7) Our custom-designed Safe Strip is completely removable now; if necessary, you can replace it without replacing the entire vest. We also created a Single Safe Strip that allows users to take the line and pull it around the back, securing it. Now, during an infusion, it’s tucked away from hands.
8) Lastly, for consumers who have been taught to dress their lines with the skinny part underneath the dressing, our old Vest didn’t work well for you. In some cases, it didn’t work at all. The new design works no matter how you’ve been taught to dress your lines. That’s a big win. You shouldn’t have to change what your team recommends to use our product, and now we’ve made sure that you don’t have to.

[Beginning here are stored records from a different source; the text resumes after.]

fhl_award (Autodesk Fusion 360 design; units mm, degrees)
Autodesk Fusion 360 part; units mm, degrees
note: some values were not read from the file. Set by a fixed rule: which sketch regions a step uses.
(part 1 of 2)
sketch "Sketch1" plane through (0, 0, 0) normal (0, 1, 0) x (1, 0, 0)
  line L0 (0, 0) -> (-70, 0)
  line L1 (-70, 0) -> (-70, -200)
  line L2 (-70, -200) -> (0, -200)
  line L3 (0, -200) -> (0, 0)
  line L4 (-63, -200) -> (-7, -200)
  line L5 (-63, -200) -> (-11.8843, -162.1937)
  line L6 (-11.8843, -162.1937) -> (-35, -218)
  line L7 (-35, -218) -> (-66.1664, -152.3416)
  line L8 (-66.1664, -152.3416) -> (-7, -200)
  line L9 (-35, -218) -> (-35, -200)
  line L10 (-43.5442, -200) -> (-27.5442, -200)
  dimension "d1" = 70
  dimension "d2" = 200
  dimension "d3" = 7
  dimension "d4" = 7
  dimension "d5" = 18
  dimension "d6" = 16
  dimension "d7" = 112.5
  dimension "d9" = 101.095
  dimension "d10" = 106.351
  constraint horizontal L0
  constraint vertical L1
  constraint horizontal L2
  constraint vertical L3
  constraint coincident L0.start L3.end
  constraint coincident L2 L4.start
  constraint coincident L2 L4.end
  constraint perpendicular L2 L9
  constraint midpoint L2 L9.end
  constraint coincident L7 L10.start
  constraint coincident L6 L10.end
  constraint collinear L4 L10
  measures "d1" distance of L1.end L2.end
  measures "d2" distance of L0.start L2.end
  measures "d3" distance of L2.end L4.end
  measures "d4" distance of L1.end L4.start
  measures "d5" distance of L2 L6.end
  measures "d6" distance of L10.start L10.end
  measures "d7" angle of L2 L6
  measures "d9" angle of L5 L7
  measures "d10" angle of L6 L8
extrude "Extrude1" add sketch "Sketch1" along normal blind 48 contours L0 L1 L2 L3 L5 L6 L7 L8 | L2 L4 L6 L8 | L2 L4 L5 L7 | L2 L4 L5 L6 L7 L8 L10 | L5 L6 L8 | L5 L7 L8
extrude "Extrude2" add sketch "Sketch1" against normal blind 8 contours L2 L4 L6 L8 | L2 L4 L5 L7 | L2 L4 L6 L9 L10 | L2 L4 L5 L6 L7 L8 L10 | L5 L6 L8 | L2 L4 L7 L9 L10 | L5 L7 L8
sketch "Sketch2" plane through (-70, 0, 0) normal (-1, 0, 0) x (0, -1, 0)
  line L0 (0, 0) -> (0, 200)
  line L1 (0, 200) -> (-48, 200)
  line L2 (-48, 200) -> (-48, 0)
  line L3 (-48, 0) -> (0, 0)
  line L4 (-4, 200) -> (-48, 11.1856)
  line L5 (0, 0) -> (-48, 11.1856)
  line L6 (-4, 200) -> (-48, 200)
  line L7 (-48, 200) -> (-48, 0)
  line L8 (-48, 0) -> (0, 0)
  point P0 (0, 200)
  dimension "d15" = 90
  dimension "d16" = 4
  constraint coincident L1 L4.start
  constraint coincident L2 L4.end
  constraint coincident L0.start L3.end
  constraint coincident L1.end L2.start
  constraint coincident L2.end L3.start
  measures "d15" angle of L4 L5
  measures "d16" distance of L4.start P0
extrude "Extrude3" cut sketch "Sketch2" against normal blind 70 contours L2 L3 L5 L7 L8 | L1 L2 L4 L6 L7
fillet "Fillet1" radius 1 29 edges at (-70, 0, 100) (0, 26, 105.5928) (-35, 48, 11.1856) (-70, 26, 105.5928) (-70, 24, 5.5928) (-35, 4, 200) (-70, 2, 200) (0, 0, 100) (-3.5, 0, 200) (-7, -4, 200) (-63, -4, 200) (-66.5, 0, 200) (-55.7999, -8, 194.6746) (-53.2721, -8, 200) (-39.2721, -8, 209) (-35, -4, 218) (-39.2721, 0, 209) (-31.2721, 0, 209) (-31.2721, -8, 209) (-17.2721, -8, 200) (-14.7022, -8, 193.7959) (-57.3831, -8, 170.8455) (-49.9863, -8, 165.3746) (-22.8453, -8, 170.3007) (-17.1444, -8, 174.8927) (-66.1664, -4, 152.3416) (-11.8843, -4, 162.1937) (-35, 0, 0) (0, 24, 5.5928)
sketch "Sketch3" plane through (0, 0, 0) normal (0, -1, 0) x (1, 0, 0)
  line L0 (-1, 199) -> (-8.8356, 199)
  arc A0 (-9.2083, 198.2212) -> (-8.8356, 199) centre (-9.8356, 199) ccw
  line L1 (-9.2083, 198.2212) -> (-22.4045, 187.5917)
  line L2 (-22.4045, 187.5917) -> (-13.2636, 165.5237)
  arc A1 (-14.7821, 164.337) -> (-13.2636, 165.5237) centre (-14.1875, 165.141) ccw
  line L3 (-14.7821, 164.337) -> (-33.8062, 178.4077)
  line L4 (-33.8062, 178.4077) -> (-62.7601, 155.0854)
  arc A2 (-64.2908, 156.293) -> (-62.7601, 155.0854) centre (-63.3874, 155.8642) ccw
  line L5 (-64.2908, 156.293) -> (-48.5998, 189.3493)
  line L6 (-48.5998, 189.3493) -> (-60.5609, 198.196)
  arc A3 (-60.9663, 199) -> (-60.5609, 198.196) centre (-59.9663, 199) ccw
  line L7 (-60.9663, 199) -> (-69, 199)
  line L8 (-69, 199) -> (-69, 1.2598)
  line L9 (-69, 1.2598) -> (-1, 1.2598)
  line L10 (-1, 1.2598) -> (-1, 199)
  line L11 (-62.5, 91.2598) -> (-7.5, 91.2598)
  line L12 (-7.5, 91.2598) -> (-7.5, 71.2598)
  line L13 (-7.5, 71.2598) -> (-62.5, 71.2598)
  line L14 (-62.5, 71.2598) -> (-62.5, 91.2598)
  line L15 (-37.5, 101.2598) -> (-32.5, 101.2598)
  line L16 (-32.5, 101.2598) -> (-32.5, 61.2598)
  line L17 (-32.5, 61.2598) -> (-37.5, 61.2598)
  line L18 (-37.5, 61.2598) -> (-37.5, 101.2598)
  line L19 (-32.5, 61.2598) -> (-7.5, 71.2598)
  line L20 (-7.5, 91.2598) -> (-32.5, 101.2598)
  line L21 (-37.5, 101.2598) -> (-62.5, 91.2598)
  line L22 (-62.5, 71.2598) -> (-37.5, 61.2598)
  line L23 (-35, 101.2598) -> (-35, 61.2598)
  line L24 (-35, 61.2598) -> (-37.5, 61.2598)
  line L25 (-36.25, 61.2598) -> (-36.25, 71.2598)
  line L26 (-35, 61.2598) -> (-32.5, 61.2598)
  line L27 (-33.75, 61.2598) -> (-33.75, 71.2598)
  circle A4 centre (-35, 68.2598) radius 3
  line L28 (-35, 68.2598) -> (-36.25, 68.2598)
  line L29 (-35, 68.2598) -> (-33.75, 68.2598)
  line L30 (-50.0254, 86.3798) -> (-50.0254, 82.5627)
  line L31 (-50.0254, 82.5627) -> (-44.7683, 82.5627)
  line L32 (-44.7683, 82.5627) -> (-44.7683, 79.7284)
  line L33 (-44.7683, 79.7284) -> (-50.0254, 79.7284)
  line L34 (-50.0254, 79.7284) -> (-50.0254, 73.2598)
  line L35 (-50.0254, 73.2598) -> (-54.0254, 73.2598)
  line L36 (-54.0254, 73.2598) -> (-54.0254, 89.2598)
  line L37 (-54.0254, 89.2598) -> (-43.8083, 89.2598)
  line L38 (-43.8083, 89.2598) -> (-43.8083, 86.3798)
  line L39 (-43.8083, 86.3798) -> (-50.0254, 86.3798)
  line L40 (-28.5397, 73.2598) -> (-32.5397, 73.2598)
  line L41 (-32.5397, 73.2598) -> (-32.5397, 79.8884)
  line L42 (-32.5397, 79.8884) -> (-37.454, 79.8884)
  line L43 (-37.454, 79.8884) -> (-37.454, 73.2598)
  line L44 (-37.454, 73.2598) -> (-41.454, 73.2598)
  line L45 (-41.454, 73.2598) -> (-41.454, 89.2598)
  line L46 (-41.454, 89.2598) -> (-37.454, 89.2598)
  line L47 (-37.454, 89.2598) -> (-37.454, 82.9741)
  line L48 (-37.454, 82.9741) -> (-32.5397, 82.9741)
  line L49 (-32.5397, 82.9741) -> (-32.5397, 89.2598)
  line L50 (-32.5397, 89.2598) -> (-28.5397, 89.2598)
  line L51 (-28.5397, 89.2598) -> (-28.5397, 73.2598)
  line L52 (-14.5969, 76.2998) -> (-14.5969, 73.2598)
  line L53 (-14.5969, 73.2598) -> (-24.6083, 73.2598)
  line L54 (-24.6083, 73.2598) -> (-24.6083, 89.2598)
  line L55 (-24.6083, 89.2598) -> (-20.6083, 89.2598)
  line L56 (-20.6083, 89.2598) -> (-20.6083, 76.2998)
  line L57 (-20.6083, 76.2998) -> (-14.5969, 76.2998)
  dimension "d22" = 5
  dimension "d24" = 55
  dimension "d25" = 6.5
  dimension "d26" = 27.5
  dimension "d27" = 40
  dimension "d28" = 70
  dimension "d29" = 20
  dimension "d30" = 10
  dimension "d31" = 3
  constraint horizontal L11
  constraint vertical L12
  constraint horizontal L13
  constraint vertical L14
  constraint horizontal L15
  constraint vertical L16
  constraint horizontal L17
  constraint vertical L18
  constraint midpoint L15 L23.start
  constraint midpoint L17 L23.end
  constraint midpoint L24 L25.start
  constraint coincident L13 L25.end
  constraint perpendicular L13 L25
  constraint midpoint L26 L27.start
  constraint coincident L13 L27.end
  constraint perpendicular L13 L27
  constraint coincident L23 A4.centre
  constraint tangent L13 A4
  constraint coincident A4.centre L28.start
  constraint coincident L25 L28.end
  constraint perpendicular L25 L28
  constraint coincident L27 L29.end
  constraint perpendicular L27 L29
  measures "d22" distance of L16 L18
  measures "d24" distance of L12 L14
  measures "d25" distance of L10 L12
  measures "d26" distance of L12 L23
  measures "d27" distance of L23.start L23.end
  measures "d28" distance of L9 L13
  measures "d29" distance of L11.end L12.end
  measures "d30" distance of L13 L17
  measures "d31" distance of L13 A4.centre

Q: How did you determine what changes to make?
A: It was a mix of personal experience, customer feedback, and clinician feedback. We had a lot of nurses in particular who weighed in on the design and how to improve it for kids whether they’re out-patient or in-patient.
We’ve worked on the design for years… literally! And that’s not to say we’re done either. We will always listen to feedback from the people who use it everyday.
Q: Did you feel any hesitation about making changes?
A: Of course. I’ve tweaked the design before based on customer feedback, but this is the first real major change. When I got the first prototype of the updated design to try on Gus, I had a moment of hesitation where I was like, “Wait, I don’t get to use the old version anymore.” I was comfortable with the old style, and I know customers were too. It makes sense — there’s comfort in the familiar. I adjusted though, and the truth is that the new Vest is significantly better.
As a parent with a kid who needs this kind of device, when you find a product you love, you don’t want to change. Even if that change is for the better, it’s hard. So, yes, I’ve had a lot of fear around the updates, but having tried it, it’s the overwhelmingly better option.
Q: Is there anything else you want your customers to know?
A: We still want to hear from you! Anything you have to tell us about the updated Vest, we want to hear because this isn’t a process of “one and done.” It’s ongoing and only getting better.